2017 SUPER GT ROUND3

FINAL GT500

第3戦「SUPER GT in KYUSHU 300km RACE」レポート
20th - 21st May, 2017

DENSO KOBELCO SARD LC500 が予選 3 位を獲得

2017 年の SUPER GT 第 3 戦「SUPER GT in KYUSHU 300km RACE」が 5 月 20 日(土)、21 日(日)、大分県のオートポリスで開催。第 2 戦の富士大会より、わずか2週間のインターバルを経てシリーズ最西端の九州ラウンドを迎えた。

2016年は熊本地震の影響で SUPER GT が中止となったことから、オートポリスを舞台とする九州大会は2年ぶりの開催を迎える。

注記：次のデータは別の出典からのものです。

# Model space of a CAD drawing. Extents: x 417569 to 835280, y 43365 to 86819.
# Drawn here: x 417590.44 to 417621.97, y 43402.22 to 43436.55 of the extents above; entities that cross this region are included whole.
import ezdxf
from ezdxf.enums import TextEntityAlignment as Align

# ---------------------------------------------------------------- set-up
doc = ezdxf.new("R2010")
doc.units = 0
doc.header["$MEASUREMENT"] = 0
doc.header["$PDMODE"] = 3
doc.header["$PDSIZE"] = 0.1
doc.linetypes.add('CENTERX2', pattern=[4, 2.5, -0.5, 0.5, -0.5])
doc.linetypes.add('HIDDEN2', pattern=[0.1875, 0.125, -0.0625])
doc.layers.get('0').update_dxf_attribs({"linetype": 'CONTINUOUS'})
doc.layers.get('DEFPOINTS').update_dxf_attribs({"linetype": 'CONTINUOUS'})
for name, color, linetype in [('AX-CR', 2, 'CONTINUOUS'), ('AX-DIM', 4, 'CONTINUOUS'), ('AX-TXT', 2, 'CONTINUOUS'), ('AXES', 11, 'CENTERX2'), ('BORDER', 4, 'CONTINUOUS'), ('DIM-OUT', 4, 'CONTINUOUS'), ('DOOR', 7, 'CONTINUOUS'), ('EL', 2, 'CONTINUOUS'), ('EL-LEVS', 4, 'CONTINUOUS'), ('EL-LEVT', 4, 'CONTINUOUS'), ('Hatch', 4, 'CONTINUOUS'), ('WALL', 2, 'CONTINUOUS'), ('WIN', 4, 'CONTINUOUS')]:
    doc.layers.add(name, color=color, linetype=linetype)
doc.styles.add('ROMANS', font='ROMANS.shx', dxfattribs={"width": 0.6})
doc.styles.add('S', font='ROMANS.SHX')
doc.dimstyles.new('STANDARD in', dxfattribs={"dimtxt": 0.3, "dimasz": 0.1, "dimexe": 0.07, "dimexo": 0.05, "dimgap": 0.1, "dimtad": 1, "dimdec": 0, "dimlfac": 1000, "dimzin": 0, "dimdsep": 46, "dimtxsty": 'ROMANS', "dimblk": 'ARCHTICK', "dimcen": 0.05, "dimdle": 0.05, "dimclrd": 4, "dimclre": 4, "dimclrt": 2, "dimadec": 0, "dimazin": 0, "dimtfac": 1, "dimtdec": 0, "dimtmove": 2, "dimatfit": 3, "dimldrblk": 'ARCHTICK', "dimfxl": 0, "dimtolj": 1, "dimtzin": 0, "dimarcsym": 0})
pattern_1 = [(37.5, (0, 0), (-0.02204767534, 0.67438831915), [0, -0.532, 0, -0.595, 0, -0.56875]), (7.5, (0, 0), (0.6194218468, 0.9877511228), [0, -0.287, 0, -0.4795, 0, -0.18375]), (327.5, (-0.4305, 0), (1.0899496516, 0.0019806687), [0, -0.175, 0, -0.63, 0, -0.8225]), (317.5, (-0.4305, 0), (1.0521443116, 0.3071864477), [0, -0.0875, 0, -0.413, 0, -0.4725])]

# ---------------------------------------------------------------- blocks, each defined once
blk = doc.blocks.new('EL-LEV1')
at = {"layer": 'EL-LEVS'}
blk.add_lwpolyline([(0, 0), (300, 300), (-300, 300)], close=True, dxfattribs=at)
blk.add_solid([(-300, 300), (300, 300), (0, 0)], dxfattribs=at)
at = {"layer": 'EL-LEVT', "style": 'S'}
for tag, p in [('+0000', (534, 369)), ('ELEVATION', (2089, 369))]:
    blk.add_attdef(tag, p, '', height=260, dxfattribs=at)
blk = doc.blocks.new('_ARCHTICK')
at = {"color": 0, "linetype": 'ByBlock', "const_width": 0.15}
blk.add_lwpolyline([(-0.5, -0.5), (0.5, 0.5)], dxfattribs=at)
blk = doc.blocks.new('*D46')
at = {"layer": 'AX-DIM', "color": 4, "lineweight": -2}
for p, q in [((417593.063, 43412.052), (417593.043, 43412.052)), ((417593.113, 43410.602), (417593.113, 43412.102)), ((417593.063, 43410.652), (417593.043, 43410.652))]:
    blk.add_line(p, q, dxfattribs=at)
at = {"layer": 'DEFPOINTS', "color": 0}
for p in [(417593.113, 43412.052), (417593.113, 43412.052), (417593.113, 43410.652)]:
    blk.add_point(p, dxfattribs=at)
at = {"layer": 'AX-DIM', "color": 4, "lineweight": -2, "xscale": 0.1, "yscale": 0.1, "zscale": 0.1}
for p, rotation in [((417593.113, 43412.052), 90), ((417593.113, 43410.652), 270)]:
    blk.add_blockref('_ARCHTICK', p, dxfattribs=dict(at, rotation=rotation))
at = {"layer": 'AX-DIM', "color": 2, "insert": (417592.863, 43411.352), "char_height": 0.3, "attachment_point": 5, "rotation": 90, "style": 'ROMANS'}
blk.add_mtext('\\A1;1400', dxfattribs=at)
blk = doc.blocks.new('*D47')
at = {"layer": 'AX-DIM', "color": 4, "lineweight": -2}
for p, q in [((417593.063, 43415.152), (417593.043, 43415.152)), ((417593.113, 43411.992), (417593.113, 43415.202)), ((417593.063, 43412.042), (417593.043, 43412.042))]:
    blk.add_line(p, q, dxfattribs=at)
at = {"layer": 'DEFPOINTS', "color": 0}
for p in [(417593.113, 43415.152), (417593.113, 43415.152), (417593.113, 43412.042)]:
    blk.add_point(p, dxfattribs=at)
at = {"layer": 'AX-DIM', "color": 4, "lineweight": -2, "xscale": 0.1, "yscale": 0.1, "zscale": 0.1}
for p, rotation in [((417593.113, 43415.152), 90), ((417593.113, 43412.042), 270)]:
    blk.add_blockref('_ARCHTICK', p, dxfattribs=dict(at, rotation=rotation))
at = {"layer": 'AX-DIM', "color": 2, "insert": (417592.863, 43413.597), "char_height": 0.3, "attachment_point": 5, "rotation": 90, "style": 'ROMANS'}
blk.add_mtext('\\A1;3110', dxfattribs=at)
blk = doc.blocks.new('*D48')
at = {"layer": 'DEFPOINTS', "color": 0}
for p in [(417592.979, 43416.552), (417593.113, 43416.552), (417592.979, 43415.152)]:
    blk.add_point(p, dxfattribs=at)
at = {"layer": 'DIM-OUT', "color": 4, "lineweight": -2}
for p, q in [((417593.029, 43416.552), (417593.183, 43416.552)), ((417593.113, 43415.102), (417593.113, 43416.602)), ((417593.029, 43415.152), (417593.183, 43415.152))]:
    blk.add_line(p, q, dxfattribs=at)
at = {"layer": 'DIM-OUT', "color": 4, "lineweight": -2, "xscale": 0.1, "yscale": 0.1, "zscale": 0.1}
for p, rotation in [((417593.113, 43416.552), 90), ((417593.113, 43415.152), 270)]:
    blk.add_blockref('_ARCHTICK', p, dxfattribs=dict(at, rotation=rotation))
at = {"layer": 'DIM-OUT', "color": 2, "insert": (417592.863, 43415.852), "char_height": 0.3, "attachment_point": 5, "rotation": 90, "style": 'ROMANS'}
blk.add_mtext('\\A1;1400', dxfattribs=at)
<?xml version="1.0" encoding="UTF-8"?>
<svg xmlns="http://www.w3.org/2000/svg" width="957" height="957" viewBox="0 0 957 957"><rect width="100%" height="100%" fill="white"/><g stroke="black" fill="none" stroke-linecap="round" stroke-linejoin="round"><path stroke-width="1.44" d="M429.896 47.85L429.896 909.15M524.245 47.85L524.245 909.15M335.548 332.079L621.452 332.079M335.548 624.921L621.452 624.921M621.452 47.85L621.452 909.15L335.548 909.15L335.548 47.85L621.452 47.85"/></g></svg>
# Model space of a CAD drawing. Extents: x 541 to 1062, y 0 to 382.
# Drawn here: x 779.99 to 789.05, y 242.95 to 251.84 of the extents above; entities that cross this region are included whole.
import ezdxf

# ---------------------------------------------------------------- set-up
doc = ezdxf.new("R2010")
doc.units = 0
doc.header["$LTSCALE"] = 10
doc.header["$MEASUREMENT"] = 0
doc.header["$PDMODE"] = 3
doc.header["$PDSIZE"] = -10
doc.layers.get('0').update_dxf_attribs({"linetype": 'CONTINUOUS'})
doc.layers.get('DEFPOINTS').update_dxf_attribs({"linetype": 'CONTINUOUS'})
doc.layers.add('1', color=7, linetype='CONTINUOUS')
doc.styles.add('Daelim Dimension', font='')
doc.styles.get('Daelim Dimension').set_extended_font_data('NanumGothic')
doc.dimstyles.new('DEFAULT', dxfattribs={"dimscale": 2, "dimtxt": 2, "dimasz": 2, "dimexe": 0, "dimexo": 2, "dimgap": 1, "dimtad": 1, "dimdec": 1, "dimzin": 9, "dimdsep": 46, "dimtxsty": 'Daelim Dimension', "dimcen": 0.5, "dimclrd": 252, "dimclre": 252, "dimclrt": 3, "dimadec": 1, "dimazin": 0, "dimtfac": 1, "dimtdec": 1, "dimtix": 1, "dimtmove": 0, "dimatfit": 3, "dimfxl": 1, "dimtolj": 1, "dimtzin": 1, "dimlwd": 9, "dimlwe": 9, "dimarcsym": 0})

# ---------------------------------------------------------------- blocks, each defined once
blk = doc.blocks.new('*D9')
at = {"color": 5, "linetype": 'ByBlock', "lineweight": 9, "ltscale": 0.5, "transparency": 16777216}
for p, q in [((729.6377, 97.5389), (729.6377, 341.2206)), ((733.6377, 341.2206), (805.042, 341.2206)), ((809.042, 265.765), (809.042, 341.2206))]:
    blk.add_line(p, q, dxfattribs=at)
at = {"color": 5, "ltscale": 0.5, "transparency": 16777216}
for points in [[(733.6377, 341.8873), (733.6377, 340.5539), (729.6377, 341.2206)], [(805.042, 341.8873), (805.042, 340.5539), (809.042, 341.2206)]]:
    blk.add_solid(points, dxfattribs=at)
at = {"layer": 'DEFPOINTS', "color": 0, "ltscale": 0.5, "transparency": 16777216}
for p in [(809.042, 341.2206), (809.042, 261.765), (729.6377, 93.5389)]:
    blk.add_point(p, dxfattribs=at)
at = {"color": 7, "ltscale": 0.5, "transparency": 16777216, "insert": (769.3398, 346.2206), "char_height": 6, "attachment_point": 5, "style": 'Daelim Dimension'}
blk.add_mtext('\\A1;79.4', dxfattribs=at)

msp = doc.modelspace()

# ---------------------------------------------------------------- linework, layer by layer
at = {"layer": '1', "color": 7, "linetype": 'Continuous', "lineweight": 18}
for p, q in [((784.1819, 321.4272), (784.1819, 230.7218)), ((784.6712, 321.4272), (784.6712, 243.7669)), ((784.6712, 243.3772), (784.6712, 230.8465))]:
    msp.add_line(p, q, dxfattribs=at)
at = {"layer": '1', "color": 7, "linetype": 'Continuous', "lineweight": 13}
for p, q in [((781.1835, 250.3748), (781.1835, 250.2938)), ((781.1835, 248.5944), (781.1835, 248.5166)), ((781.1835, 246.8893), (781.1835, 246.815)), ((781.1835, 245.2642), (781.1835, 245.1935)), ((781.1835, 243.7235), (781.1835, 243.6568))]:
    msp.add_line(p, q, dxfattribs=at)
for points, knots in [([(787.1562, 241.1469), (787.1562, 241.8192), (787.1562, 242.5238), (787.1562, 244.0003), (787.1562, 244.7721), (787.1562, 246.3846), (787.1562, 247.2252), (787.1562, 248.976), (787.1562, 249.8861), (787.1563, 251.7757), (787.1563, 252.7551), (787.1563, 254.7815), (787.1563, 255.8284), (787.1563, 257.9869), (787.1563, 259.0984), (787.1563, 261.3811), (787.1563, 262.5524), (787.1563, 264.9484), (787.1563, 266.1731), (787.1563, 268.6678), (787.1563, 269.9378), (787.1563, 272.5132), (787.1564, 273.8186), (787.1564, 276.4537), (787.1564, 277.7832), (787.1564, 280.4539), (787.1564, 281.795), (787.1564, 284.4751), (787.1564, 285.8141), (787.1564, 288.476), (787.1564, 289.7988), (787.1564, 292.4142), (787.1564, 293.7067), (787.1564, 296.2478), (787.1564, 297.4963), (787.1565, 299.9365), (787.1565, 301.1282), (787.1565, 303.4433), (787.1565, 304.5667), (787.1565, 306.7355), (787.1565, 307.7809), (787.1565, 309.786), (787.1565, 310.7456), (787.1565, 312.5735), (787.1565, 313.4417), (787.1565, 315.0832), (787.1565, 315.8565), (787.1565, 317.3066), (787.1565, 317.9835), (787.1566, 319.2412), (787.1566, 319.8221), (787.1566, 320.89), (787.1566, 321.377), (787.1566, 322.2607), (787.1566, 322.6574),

「コースにクラックが入るなど様々な被害がありました。1km ほど再舗装したほか、ピットガレージも修復し、昨年 10 月にオープン。そして関連企業の協力でようやくエントリー台数、観客動員数ともに最大規模のスーパー GT を迎えることができました。サーキットまでのアクセスも完全に復旧したわけではないですし、一部施設も使えなかったりと、どこまでお客さんを満足させられるのか、不安な部分もありますが、自分たちでできる精一杯のことはできたと思います」。そう語るのはオートポリスで広報を担当するモータースポーツ部の谷上学氏だ。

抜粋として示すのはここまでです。